Keeping the heading (RIGHT) preserves titles, dates, and other cues useful for LLM extraction.

Data Schema

@dataclass
class Person:
    name: str

@dataclass
class Task:
    description: str
    assigned_to: list[Person]

@dataclass
class Meeting:
    time: datetime.date
    note: str
    organizer: Person
    participants: list[Person]
    tasks: list[Task]

These dataclasses are supplied to the LLM so the output already conforms to the expected structure.

Extraction per Meeting

with document["meetings"].row() as meeting:
    parsed = meeting["parsed"] = meeting["text"].transform(
        cocoindex.functions.ExtractByLlm(
            llm_spec=cocoindex.LlmSpec(
                api_type=cocoindex.LlmApiType.OPENAI,
                model="gpt-4o",
            ),
            output_type=Meeting,
        )
    )

CocoIndex caches the extraction result; the LLM is only invoked when the input text, model, or schema changes.

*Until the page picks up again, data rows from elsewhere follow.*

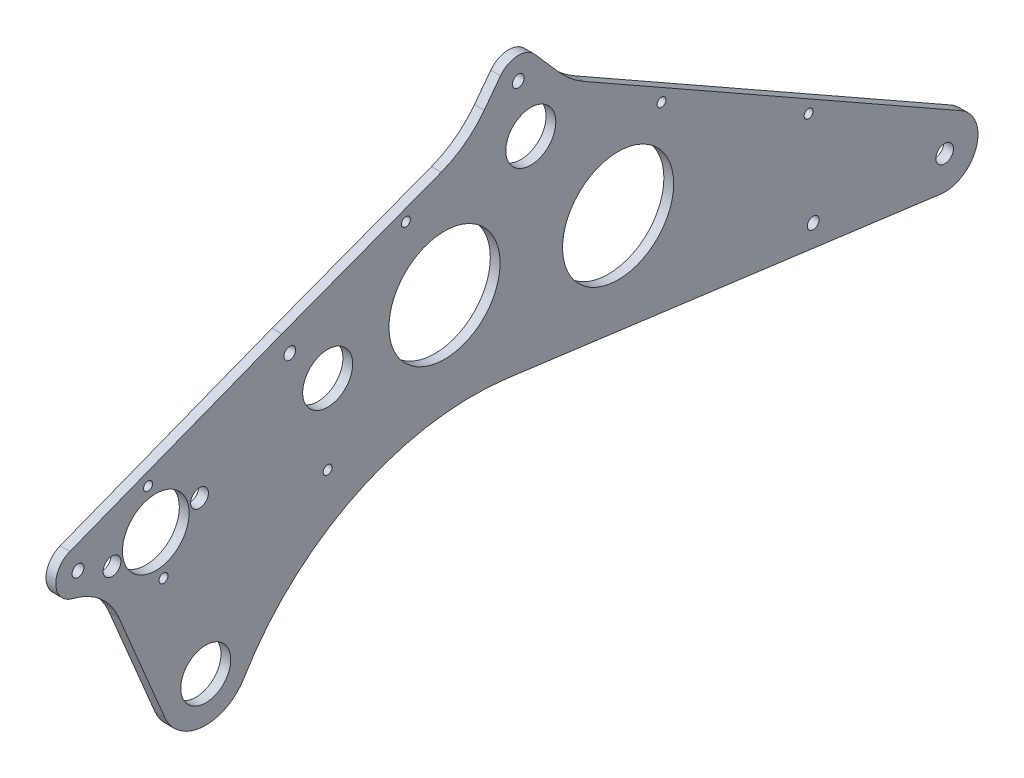
from build123d import *

# Parameters (mm, degrees)
SKETCH2_R           = 14.2875
SKETCH2_R_2         = 19.05
SKETCH2_R_3         = 2.5527
SKETCH2_R_4         = 5.0419
SKETCH2_R_5         = 3.3782
SKETCH2_R_6         = 5.08
BOSS_EXTRUDE1_DEPTH = 5.588
SKETCH4_R           = 31.749999999
SKETCH4_R_2         = 31.75
SKETCH4_R_3         = 2.54
CUT_EXTRUDE1_DEPTH  = 536.87067115


with BuildPart() as part:
    # Sketch2 → Boss-Extrude1 (new body)
    with BuildSketch(Plane(origin=(0, 0, 0), x_dir=(0, 0, -1), z_dir=(1, 0, 0))):
        with BuildLine():
            Line((-445.710958312, -56.214466457), (-472.065797844, 6.601443702))
            ThreePointArc((-472.065797844, 6.601443702), (-482.509199097, 20.878877501), (-498.274718323, 28.901230593))
            ThreePointArc((-498.274718323, 28.901230593), (-507.971250508, 40.393877249), (-499.904646963, 53.083777596))
            Line((-499.904646963, 53.083777596), (-378.873178351, 100.170165216))
            ThreePointArc((-378.873178351, 100.170165216), (-378.816766544, 100.191957311), (-378.760251606, 100.21348054))
            Line((-378.760251606, 100.21348054), (-287.68871214, 134.649237339))
            ThreePointArc((-287.68871214, 134.649237339), (-274.096265675, 142.116919406), (-263.116185035, 153.069485566))
            Line((-263.116185035, 153.069485566), (-253.809934756, 165.419296806))
            ThreePointArc((-253.809934756, 165.419296806), (-244.1402468, 170.46743536), (-234.121630663, 166.153052588))
            Line((-234.121630663, 166.153052588), (-220.225324752, 150.317777333))
            ThreePointArc((-220.225324752, 150.317777333), (-213.579673478, 143.913988769), (-205.960385421, 138.706336869))
            Line((-205.960385421, 138.706336869), (9.397681692, 16.570639059))
            ThreePointArc((9.397681692, 16.570639059), (18.06147284, -6.056872036), (-2.492689106, -18.886211929))
            Line((-2.492689106, -18.886211929), (-249.585398085, 13.726220154))
            ThreePointArc((-249.585398085, 13.726220154), (-335.982789168, -0.216195872), (-400.465765574, -59.384142468))
            ThreePointArc((-400.465765574, -59.384142468), (-424.063968038, -71.725486714), (-445.710958312, -56.214466457))
        make_face()
        with Locations((-236.525067803, 126.839996455)):
            Circle(SKETCH2_R, mode=Mode.SUBTRACT)
        with Locations((-352.615083456, 65.113840211)):
            Circle(SKETCH2_R, mode=Mode.SUBTRACT)
        with Locations((-422.288908015, -46.387587)):
            Circle(SKETCH2_R, mode=Mode.SUBTRACT)
        with Locations((-450.85, 38.1)):
            Circle(SKETCH2_R_2, mode=Mode.SUBTRACT)
        with Locations((-352.615083457, 19.828113514)):
            Circle(SKETCH2_R_3, mode=Mode.SUBTRACT)
        Circle(SKETCH2_R_4, mode=Mode.SUBTRACT)
        with Locations((-75.121943871, 3.279894903)):
            Circle(SKETCH2_R_5, mode=Mode.SUBTRACT)
        with Locations((-374.268531388, 88.334320238)):
            Circle(SKETCH2_R_5, mode=Mode.SUBTRACT)
        with Locations((-243.667263779, 157.776246012)):
            Circle(SKETCH2_R_5, mode=Mode.SUBTRACT)
        with Locations((-425.835883073, 42.510663713)):
            Circle(SKETCH2_R_6, mode=Mode.SUBTRACT)
        with Locations((-455.260663713, 63.114116927)):
            Circle(SKETCH2_R_3, mode=Mode.SUBTRACT)
        with Locations((-475.864116927, 33.689336287)):
            Circle(SKETCH2_R_6, mode=Mode.SUBTRACT)
        with Locations((-446.439336287, 13.085883073)):
            Circle(SKETCH2_R_3, mode=Mode.SUBTRACT)
        with Locations((-495.3, 41.247932618)):
            Circle(SKETCH2_R_5, mode=Mode.SUBTRACT)
    extrude(amount=BOSS_EXTRUDE1_DEPTH)

    # Sketch4 → Cut-Extrude1 (cut, through all)
    with BuildSketch(Plane(origin=(5.588, 0, 0), x_dir=(0, 0, -1), z_dir=(1, 0, 0))):
        with Locations((-285.828920606, 72.85936499)):
            Circle(SKETCH4_R)
        with Locations((-186.635219344, 62.587677704)):
            Circle(SKETCH4_R_2)
        with Locations((-307.895757835, 120.219817132)):
            Circle(SKETCH4_R_3)
        with Locations((-161.782656077, 106.351776712)):
            Circle(SKETCH4_R_3)
        with Locations((-77.758767474, 58.699434709)):
            Circle(SKETCH4_R_3)
    extrude(amount=-CUT_EXTRUDE1_DEPTH, mode=Mode.SUBTRACT)


solid = part.part
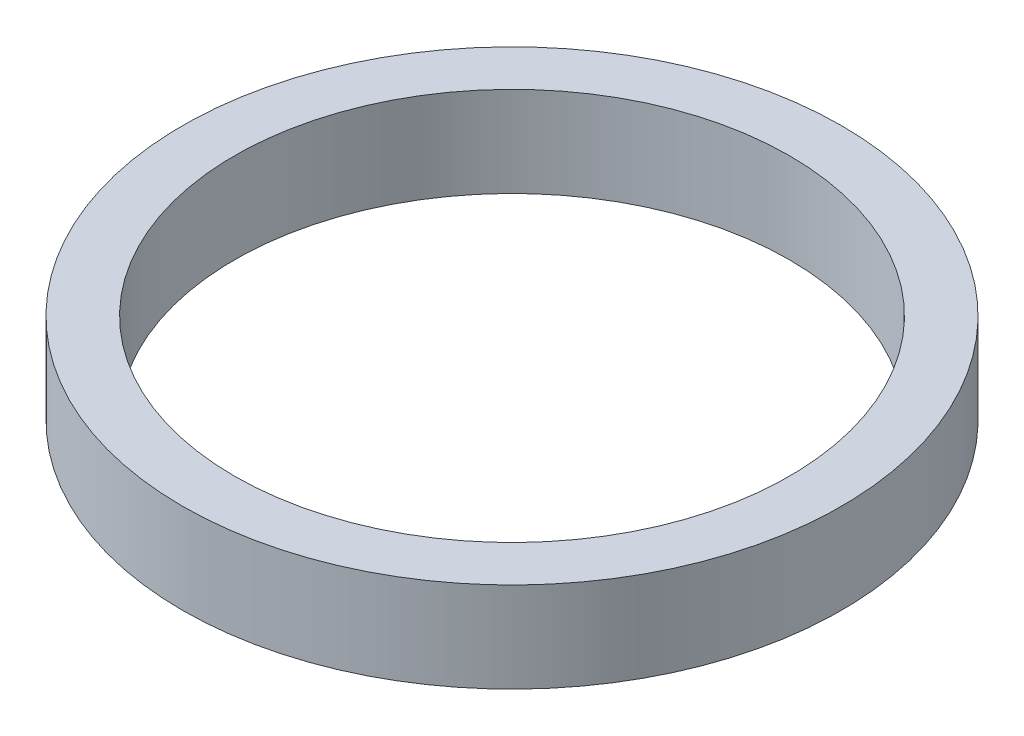
from build123d import *

# Parameters (mm, degrees)
SKETCH1_R           = 47.5
BOSS_EXTRUDE1_DEPTH = 13
SKETCH2_R           = 40
CUT_EXTRUDE1_DEPTH  = 69.421487853


with BuildPart() as part:
    # Sketch1 → Boss-Extrude1 (new body)
    with BuildSketch(Plane(origin=(0, 0, 0), x_dir=(1, 0, 0), z_dir=(0, 1, 0))):
        Circle(SKETCH1_R)
    extrude(amount=BOSS_EXTRUDE1_DEPTH)

    # Sketch2 → Cut-Extrude1 (cut, through all)
    with BuildSketch(Plane(origin=(0, 0, 0), x_dir=(1, 0, 0), z_dir=(0, 1, 0))):
        Circle(SKETCH2_R)
    extrude(amount=CUT_EXTRUDE1_DEPTH, mode=Mode.SUBTRACT)


solid = part.part
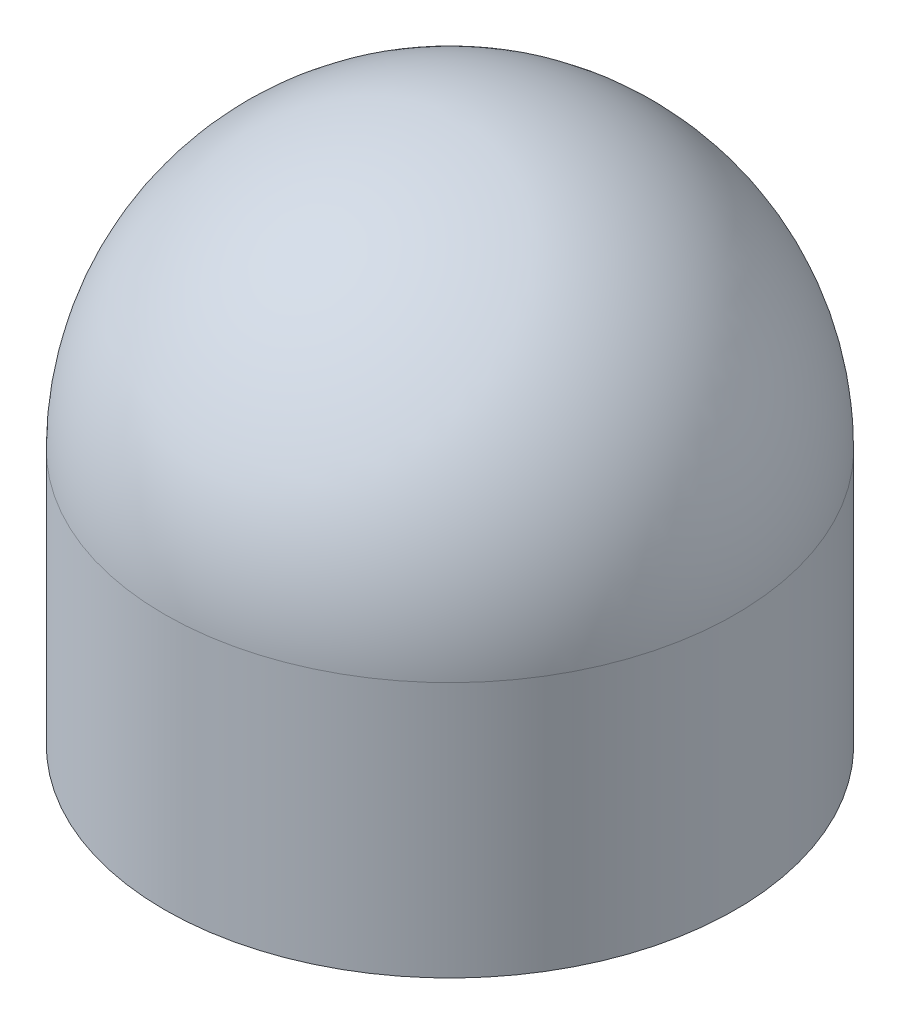
from build123d import *

# Parameters (mm, degrees)
SKETCH1_R           = 5
BOSS_EXTRUDE1_DEPTH = 9.48
FILLET1_R           = 5
SKETCH2_R           = 1.75
CUT_EXTRUDE1_DEPTH  = 4


with BuildPart() as part:
    # Sketch1 → Boss-Extrude1 (new body)
    with BuildSketch(Plane(origin=(0, 0, 0), x_dir=(1, 0, 0), z_dir=(0, 1, 0))):
        Circle(SKETCH1_R)
    extrude(amount=BOSS_EXTRUDE1_DEPTH)

    # Fillet1
    fillet1_edges = [part.edges().sort_by_distance(p)[0] for p in [
        (-5, 9.48, 0),
    ]]
    fillet(fillet1_edges, radius=FILLET1_R)

    # Sketch2 → Cut-Extrude1 (cut)
    with BuildSketch(Plane.XZ):
        Circle(SKETCH2_R)
    extrude(amount=-CUT_EXTRUDE1_DEPTH, mode=Mode.SUBTRACT)


solid = part.part

Collectors (In‑Memory Tables)

meeting_nodes = data_scope.add_collector()
attended_rels = data_scope.add_collector()
decided_tasks_rels = data_scope.add_collector()
assigned_rels = data_scope.add_collector()

Populating Collectors

meeting_key = {"note_file": document["filename"], "time": parsed["time"]}

meeting_nodes.collect(**meeting_key, note=parsed["note"])
attended_rels.collect(
    id=cocoindex.GeneratedField.UUID,
    **meeting_key,
    person=parsed["organizer"]["name"],
    is_organizer=True,
)

# Similar loops (omitted for brevity) add:
# - ATTENDED edges for each participant
# - DECIDED edges from meeting to each task
# - ASSIGNED_TO edges from each person to their tasks

Exporting to Neo4j

Nodes

meeting_nodes.export(
    "meeting_nodes",
    cocoindex.targets.Neo4j(
        connection=conn_spec,
        mapping=cocoindex.targets.Nodes(label="Meeting"),
    ),
    primary_key_fields=["note_file", "time"],
)

flow_builder.declare(
    cocoindex.targets.Neo4jDeclaration(
        connection=conn_spec,
        nodes_label="Person",
        primary_key_fields=["name"],
    )
)

flow_builder.declare(
    cocoindex.targets.Neo4jDeclaration(
        connection=conn_spec,
        nodes_label="Task",
        primary_key_fields=["description"],
    )
)

Relationships

attended_rels.export(
    "attended_rels",
    cocoindex.targets.Neo4j(
        connection=conn_spec,
        mapping=cocoindex.targets.Relationships(
            rel_type="ATTENDED",
            source=cocoindex.targets.NodeFromFields(
                label="Person",
                fields=[cocoindex.targets.TargetFieldMapping(
                    source="person", target="name"
                )],
            ),
            target=cocoindex.targets.NodeFromFields(
                label="Meeting",
                fields=[
                    cocoindex.targets.TargetFieldMapping("note_file"),
                    cocoindex.targets.TargetFieldMapping("time"),
                ],
            ),
        ),
    ),
    primary_key_fields=["id"],
)

Export equivalents for DECIDED (Meeting → Task) and ASSIGNED_TO (Person → Task) use similar definitions, ensuring relationship IDs prevent duplication on re‑runs.

Running the Workflow

pip install -e .
cocoindex update main

After the update finishes, open the Neo4j Browser at http://localhost:7474 and try the following queries:

MATCH (p:Person)-[:ATTENDED]->(m:Meeting)
RETURN p, m;

MATCH (m:Meeting)-[:DECIDED]->(t:Task)
RETURN m, t;

MATCH (p:Person)-[:ASSIGNED_TO]->(t:Task)
RETURN p, t;

CocoIndex only mutates nodes and relationships that actually changed, so the graph remains in sync with the source notes without unnecessary rewrites.